Percy: No, mi ha lasciato la scelta, dandomi l'unico modo per attraversare il Labirinto senza perdermi o impazzire.
Calipso: Quindi tu sei l'unico che sa come sopravvivere al Labirinto.
Percy: sì.
Calipso: E tu tornerai indietro.
Percy: Fondamentalmente è quello che devo fare. Sì.
Calipso: E ti ha dato una scelta?
Percy: Me l'ha detto lui.
Calipso: Ha mentito.
Percy: Anche Chirone lo ha fatto. Non posso fidarmi di nessuno.
Interrompere il proprio funerale non era stato nell'elenco di cose da fare di Percy, ma di certo non si sarebbe lamentato della possibilità che gli si era presentata.
Soprattutto quando aveva potuto sentire Thalia descriverlo come la persona più coraggiosa che la ragazza conoscesse, un ottimo amico e un grande guerriero.
Si era appoggiato al pilastro, annuendo e dicendo. "Quel Percy sembra proprio straordinario!"
Thalia si era girata con un'espressione mortale in viso, che si era trasformata in una sconvolta e poi sollevata quando aveva visto chi era stato ad interrompere il suo discorso.
Si erano abbracciati e poi Percy aveva detto che sapeva chi avrebbero dovuto chiamare per orientarsi nel Labirinto.

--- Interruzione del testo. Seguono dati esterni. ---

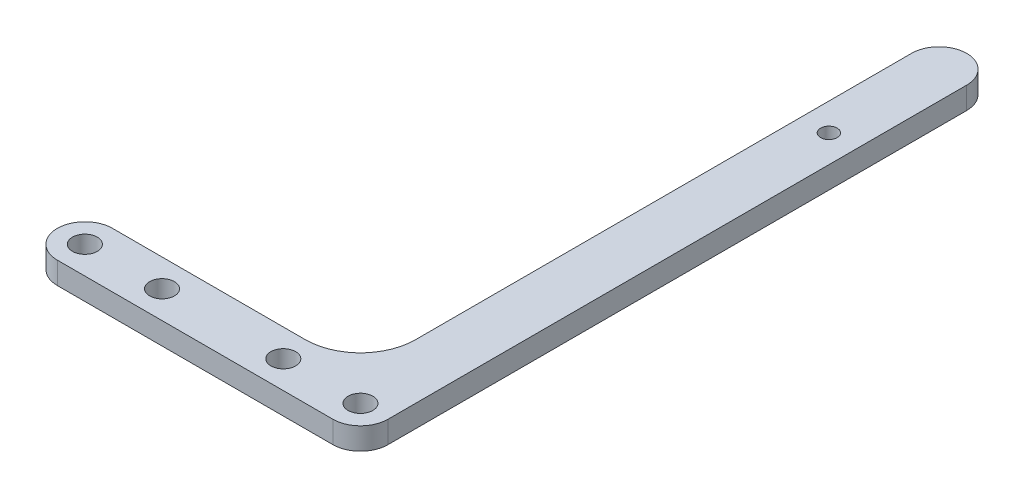
ISO-10303-21;
HEADER;
FILE_DESCRIPTION(('STEP AP214'),'2;1');
FILE_NAME('part.step','',(''),(''),'','','');
FILE_SCHEMA(('AUTOMOTIVE_DESIGN { 1 0 10303 214 1 1 1 1 }'));
ENDSEC;
DATA;
#1=APPLICATION_CONTEXT('core data for automotive mechanical design processes');
#2=APPLICATION_PROTOCOL_DEFINITION('international standard','automotive_design',2000,#1);
#3=PRODUCT_CONTEXT('',#1,'mechanical');
#4=PRODUCT('Part','Part','',(#3));
#5=PRODUCT_RELATED_PRODUCT_CATEGORY('part','',(#4));
#6=PRODUCT_DEFINITION_FORMATION('','',#4);
#7=PRODUCT_DEFINITION_CONTEXT('part definition',#1,'design');
#8=PRODUCT_DEFINITION('design','',#6,#7);
#9=PRODUCT_DEFINITION_SHAPE('','',#8);
#10=(LENGTH_UNIT() NAMED_UNIT(*) SI_UNIT(.MILLI.,.METRE.));
#11=(NAMED_UNIT(*) PLANE_ANGLE_UNIT() SI_UNIT($,.RADIAN.));
#12=(NAMED_UNIT(*) SI_UNIT($,.STERADIAN.) SOLID_ANGLE_UNIT());
#13=UNCERTAINTY_MEASURE_WITH_UNIT(LENGTH_MEASURE(1.E-05),#10,'distance_accuracy_value','');
#14=(GEOMETRIC_REPRESENTATION_CONTEXT(3) GLOBAL_UNCERTAINTY_ASSIGNED_CONTEXT((#13)) GLOBAL_UNIT_ASSIGNED_CONTEXT((#10,
#11,#12)) REPRESENTATION_CONTEXT('',''));
#15=CARTESIAN_POINT('',(0.,0.,0.));
#16=DIRECTION('',(0.,0.,1.));
#17=DIRECTION('',(1.,0.,0.));
#18=AXIS2_PLACEMENT_3D('',#15,#16,#17);
#19=CARTESIAN_POINT('',(5.00000000000001,4.,-100.));
#20=DIRECTION('',(0.,1.,0.));
#21=DIRECTION('',(0.,0.,1.));
#22=AXIS2_PLACEMENT_3D('',#19,#20,#21);
#23=PLANE('',#22);
#24=DIRECTION('',(1.,0.,0.));
#25=VECTOR('',#24,1.);
#26=CARTESIAN_POINT('',(0.,4.,9.99999999999999));
#27=LINE('',#26,#25);
#28=CARTESIAN_POINT('',(-45.,4.,10.));
#29=VERTEX_POINT('',#28);
#30=CARTESIAN_POINT('',(5.00000000000001,4.,9.99999999999999));
#31=VERTEX_POINT('',#30);
#32=EDGE_CURVE('E145',#29,#31,#27,.T.);
#33=ORIENTED_EDGE('',*,*,#32,.T.);
#34=CARTESIAN_POINT('',(5.00000000000001,4.,4.99999999999999));
#35=DIRECTION('',(0.,1.,0.));
#36=DIRECTION('',(0.,0.,1.));
#37=AXIS2_PLACEMENT_3D('',#34,#35,#36);
#38=CIRCLE('',#37,5.);
#39=CARTESIAN_POINT('',(10.,4.,4.99999999999999));
#40=VERTEX_POINT('',#39);
#41=EDGE_CURVE('E59',#31,#40,#38,.T.);
#42=ORIENTED_EDGE('',*,*,#41,.T.);
#43=DIRECTION('',(0.,0.,-1.));
#44=VECTOR('',#43,1.);
#45=CARTESIAN_POINT('',(10.,4.,-100.));
#46=LINE('',#45,#44);
#47=CARTESIAN_POINT('',(10.,4.,-100.));
#48=VERTEX_POINT('',#47);
#49=EDGE_CURVE('E156',#40,#48,#46,.T.);
#50=ORIENTED_EDGE('',*,*,#49,.T.);
#51=CARTESIAN_POINT('',(5.00000000000001,4.,-100.));
#52=DIRECTION('',(0.,1.,0.));
#53=DIRECTION('',(0.,0.,1.));
#54=AXIS2_PLACEMENT_3D('',#51,#52,#53);
#55=CIRCLE('',#54,5.);
#56=CARTESIAN_POINT('',(0.,4.,-100.));
#57=VERTEX_POINT('',#56);
#58=EDGE_CURVE('E158',#48,#57,#55,.T.);
#59=ORIENTED_EDGE('',*,*,#58,.T.);
#60=DIRECTION('',(0.,0.,1.));
#61=VECTOR('',#60,1.);
#62=CARTESIAN_POINT('',(0.,4.,0.));
#63=LINE('',#62,#61);
#64=CARTESIAN_POINT('',(0.,4.,-10.));
#65=VERTEX_POINT('',#64);
#66=EDGE_CURVE('E161',#57,#65,#63,.T.);
#67=ORIENTED_EDGE('',*,*,#66,.T.);
#68=CARTESIAN_POINT('',(-10.,4.,-10.));
#69=DIRECTION('',(0.,1.,0.));
#70=DIRECTION('',(0.,0.,1.));
#71=AXIS2_PLACEMENT_3D('',#68,#69,#70);
#72=CIRCLE('',#71,10.);
#73=CARTESIAN_POINT('',(-10.,4.,0.));
#74=VERTEX_POINT('',#73);
#75=EDGE_CURVE('E180',#65,#74,#72,.F.);
#76=ORIENTED_EDGE('',*,*,#75,.T.);
#77=DIRECTION('',(-1.,0.,0.));
#78=VECTOR('',#77,1.);
#79=CARTESIAN_POINT('',(0.,4.,0.));
#80=LINE('',#79,#78);
#81=CARTESIAN_POINT('',(-45.,4.,0.));
#82=VERTEX_POINT('',#81);
#83=EDGE_CURVE('E142',#74,#82,#80,.T.);
#84=ORIENTED_EDGE('',*,*,#83,.T.);
#85=CARTESIAN_POINT('',(-45.,4.,5.));
#86=DIRECTION('',(0.,1.,0.));
#87=DIRECTION('',(0.,0.,1.));
#88=AXIS2_PLACEMENT_3D('',#85,#86,#87);
#89=CIRCLE('',#88,5.);
#90=EDGE_CURVE('E118',#82,#29,#89,.T.);
#91=ORIENTED_EDGE('',*,*,#90,.T.);
#92=EDGE_LOOP('',(#33,#42,#50,#59,#67,#76,#84,#91));
#93=FACE_BOUND('',#92,.T.);
#94=CARTESIAN_POINT('',(5.00000000000001,4.,-80.));
#95=DIRECTION('',(0.,1.,0.));
#96=DIRECTION('',(0.,0.,1.));
#97=AXIS2_PLACEMENT_3D('',#94,#95,#96);
#98=CIRCLE('',#97,1.5);
#99=CARTESIAN_POINT('',(5.00000000000001,4.,-78.5));
#100=VERTEX_POINT('',#99);
#101=EDGE_CURVE('E150',#100,#100,#98,.T.);
#102=ORIENTED_EDGE('',*,*,#101,.F.);
#103=EDGE_LOOP('',(#102));
#104=FACE_BOUND('',#103,.T.);
#105=CARTESIAN_POINT('',(5.00000000000001,4.,5.));
#106=DIRECTION('',(0.,1.,0.));
#107=DIRECTION('',(0.,0.,1.));
#108=AXIS2_PLACEMENT_3D('',#105,#106,#107);
#109=CIRCLE('',#108,2.25);
#110=CARTESIAN_POINT('',(5.00000000000001,4.,7.25));
#111=VERTEX_POINT('',#110);
#112=EDGE_CURVE('E130',#111,#111,#109,.T.);
#113=ORIENTED_EDGE('',*,*,#112,.F.);
#114=EDGE_LOOP('',(#113));
#115=FACE_BOUND('',#114,.T.);
#116=CARTESIAN_POINT('',(-8.99999999999999,4.,5.));
#117=DIRECTION('',(0.,1.,0.));
#118=DIRECTION('',(0.,0.,1.));
#119=AXIS2_PLACEMENT_3D('',#116,#117,#118);
#120=CIRCLE('',#119,2.25);
#121=CARTESIAN_POINT('',(-8.99999999999999,4.,7.25));
#122=VERTEX_POINT('',#121);
#123=EDGE_CURVE('E133',#122,#122,#120,.T.);
#124=ORIENTED_EDGE('',*,*,#123,.F.);
#125=EDGE_LOOP('',(#124));
#126=FACE_BOUND('',#125,.T.);
#127=CARTESIAN_POINT('',(-31.,4.,5.));
#128=DIRECTION('',(0.,1.,0.));
#129=DIRECTION('',(0.,0.,1.));
#130=AXIS2_PLACEMENT_3D('',#127,#128,#129);
#131=CIRCLE('',#130,2.25);
#132=CARTESIAN_POINT('',(-31.,4.,7.25));
#133=VERTEX_POINT('',#132);
#134=EDGE_CURVE('E136',#133,#133,#131,.T.);
#135=ORIENTED_EDGE('',*,*,#134,.F.);
#136=EDGE_LOOP('',(#135));
#137=FACE_BOUND('',#136,.T.);
#138=CARTESIAN_POINT('',(-45.,4.,5.));
#139=DIRECTION('',(0.,1.,0.));
#140=DIRECTION('',(0.,0.,1.));
#141=AXIS2_PLACEMENT_3D('',#138,#139,#140);
#142=CIRCLE('',#141,2.25);
#143=CARTESIAN_POINT('',(-45.,4.,7.25));
#144=VERTEX_POINT('',#143);
#145=EDGE_CURVE('E139',#144,#144,#142,.T.);
#146=ORIENTED_EDGE('',*,*,#145,.F.);
#147=EDGE_LOOP('',(#146));
#148=FACE_BOUND('',#147,.T.);
#149=ADVANCED_FACE('F37',(#93,#104,#115,#126,#137,#148),#23,.T.);
#150=CARTESIAN_POINT('',(5.00000000000001,0.,-100.));
#151=DIRECTION('',(0.,1.,0.));
#152=DIRECTION('',(0.,0.,1.));
#153=AXIS2_PLACEMENT_3D('',#150,#151,#152);
#154=PLANE('',#153);
#155=DIRECTION('',(0.,0.,-1.));
#156=VECTOR('',#155,1.);
#157=CARTESIAN_POINT('',(10.,0.,-100.));
#158=LINE('',#157,#156);
#159=CARTESIAN_POINT('',(10.,0.,4.99999999999999));
#160=VERTEX_POINT('',#159);
#161=CARTESIAN_POINT('',(10.,0.,-100.));
#162=VERTEX_POINT('',#161);
#163=EDGE_CURVE('E153',#160,#162,#158,.T.);
#164=ORIENTED_EDGE('',*,*,#163,.F.);
#165=CARTESIAN_POINT('',(5.00000000000001,0.,4.99999999999999));
#166=DIRECTION('',(0.,1.,0.));
#167=DIRECTION('',(0.,0.,1.));
#168=AXIS2_PLACEMENT_3D('',#165,#166,#167);
#169=CIRCLE('',#168,5.);
#170=CARTESIAN_POINT('',(5.00000000000001,0.,9.99999999999999));
#171=VERTEX_POINT('',#170);
#172=EDGE_CURVE('E11',#160,#171,#169,.F.);
#173=ORIENTED_EDGE('',*,*,#172,.T.);
#174=DIRECTION('',(1.,0.,0.));
#175=VECTOR('',#174,1.);
#176=CARTESIAN_POINT('',(0.,0.,9.99999999999999));
#177=LINE('',#176,#175);
#178=CARTESIAN_POINT('',(-45.,0.,10.));
#179=VERTEX_POINT('',#178);
#180=EDGE_CURVE('E120',#179,#171,#177,.T.);
#181=ORIENTED_EDGE('',*,*,#180,.F.);
#182=CARTESIAN_POINT('',(-45.,0.,5.));
#183=DIRECTION('',(0.,1.,0.));
#184=DIRECTION('',(0.,0.,1.));
#185=AXIS2_PLACEMENT_3D('',#182,#183,#184);
#186=CIRCLE('',#185,5.);
#187=CARTESIAN_POINT('',(-45.,0.,0.));
#188=VERTEX_POINT('',#187);
#189=EDGE_CURVE('E111',#188,#179,#186,.T.);
#190=ORIENTED_EDGE('',*,*,#189,.F.);
#191=DIRECTION('',(-1.,0.,0.));
#192=VECTOR('',#191,1.);
#193=CARTESIAN_POINT('',(0.,0.,0.));
#194=LINE('',#193,#192);
#195=CARTESIAN_POINT('',(-10.,0.,0.));
#196=VERTEX_POINT('',#195);
#197=EDGE_CURVE('E101',#196,#188,#194,.T.);
#198=ORIENTED_EDGE('',*,*,#197,.F.);
#199=CARTESIAN_POINT('',(-10.,0.,-10.));
#200=DIRECTION('',(0.,1.,0.));
#201=DIRECTION('',(0.,0.,1.));
#202=AXIS2_PLACEMENT_3D('',#199,#200,#201);
#203=CIRCLE('',#202,10.);
#204=CARTESIAN_POINT('',(0.,0.,-10.));
#205=VERTEX_POINT('',#204);
#206=EDGE_CURVE('E178',#196,#205,#203,.T.);
#207=ORIENTED_EDGE('',*,*,#206,.T.);
#208=DIRECTION('',(0.,0.,1.));
#209=VECTOR('',#208,1.);
#210=CARTESIAN_POINT('',(0.,0.,0.));
#211=LINE('',#210,#209);
#212=CARTESIAN_POINT('',(0.,0.,-100.));
#213=VERTEX_POINT('',#212);
#214=EDGE_CURVE('E159',#213,#205,#211,.T.);
#215=ORIENTED_EDGE('',*,*,#214,.F.);
#216=CARTESIAN_POINT('',(5.00000000000001,0.,-100.));
#217=DIRECTION('',(0.,1.,0.));
#218=DIRECTION('',(0.,0.,1.));
#219=AXIS2_PLACEMENT_3D('',#216,#217,#218);
#220=CIRCLE('',#219,5.);
#221=EDGE_CURVE('E166',#162,#213,#220,.T.);
#222=ORIENTED_EDGE('',*,*,#221,.F.);
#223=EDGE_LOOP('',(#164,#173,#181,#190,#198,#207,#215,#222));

Chirone lo aveva preso da parte e gli aveva parlato di Chris, facendo stringere i denti a Percy, e di Quintus, lasciando Percy con uno strano senso di pesantezza nel costato.
Suo malgrado, aveva creduto all'espressione preoccupata di Quintus. Evidentemente non avrebbe dovuto.
In quel momento, lui, Thalia e Rachel si stavano riposando, subito dopo aver lasciato l'arena di Anteo e essere fuggiti.
Thalia si era addormentata non appena si era sdraiata, e Percy aveva deciso di provare ad aiutare Rachel prima di fare lo stesso.
L'altra sembrava pronta a piangere, e il suo sguardo pieno di sensi di colpa non lasciava Percy.
"Non preoccuparti per me." Percy le sussurrò, non volendo svegliare Thalia. "Non è la prima volta che rischio la mia vita."
"Non è la prima volta che rischi di morire per colpa di un'altra persona?" Rachel rispose con un sussurro.
Percy disse. "Rachel, il Labirinto è un posto malvagio. Riesce a portarti dritto verso il pericolo mentre ti culla in un falso senso di sicurezza. Prima non avevamo idea di come muoverci e adesso stiamo raggiungendo molto velocemente il laboratorio di Dedalo, cosa che prima non avevamo alcuna possibilità di fare. Non incolparti, ci stai aiutando molto."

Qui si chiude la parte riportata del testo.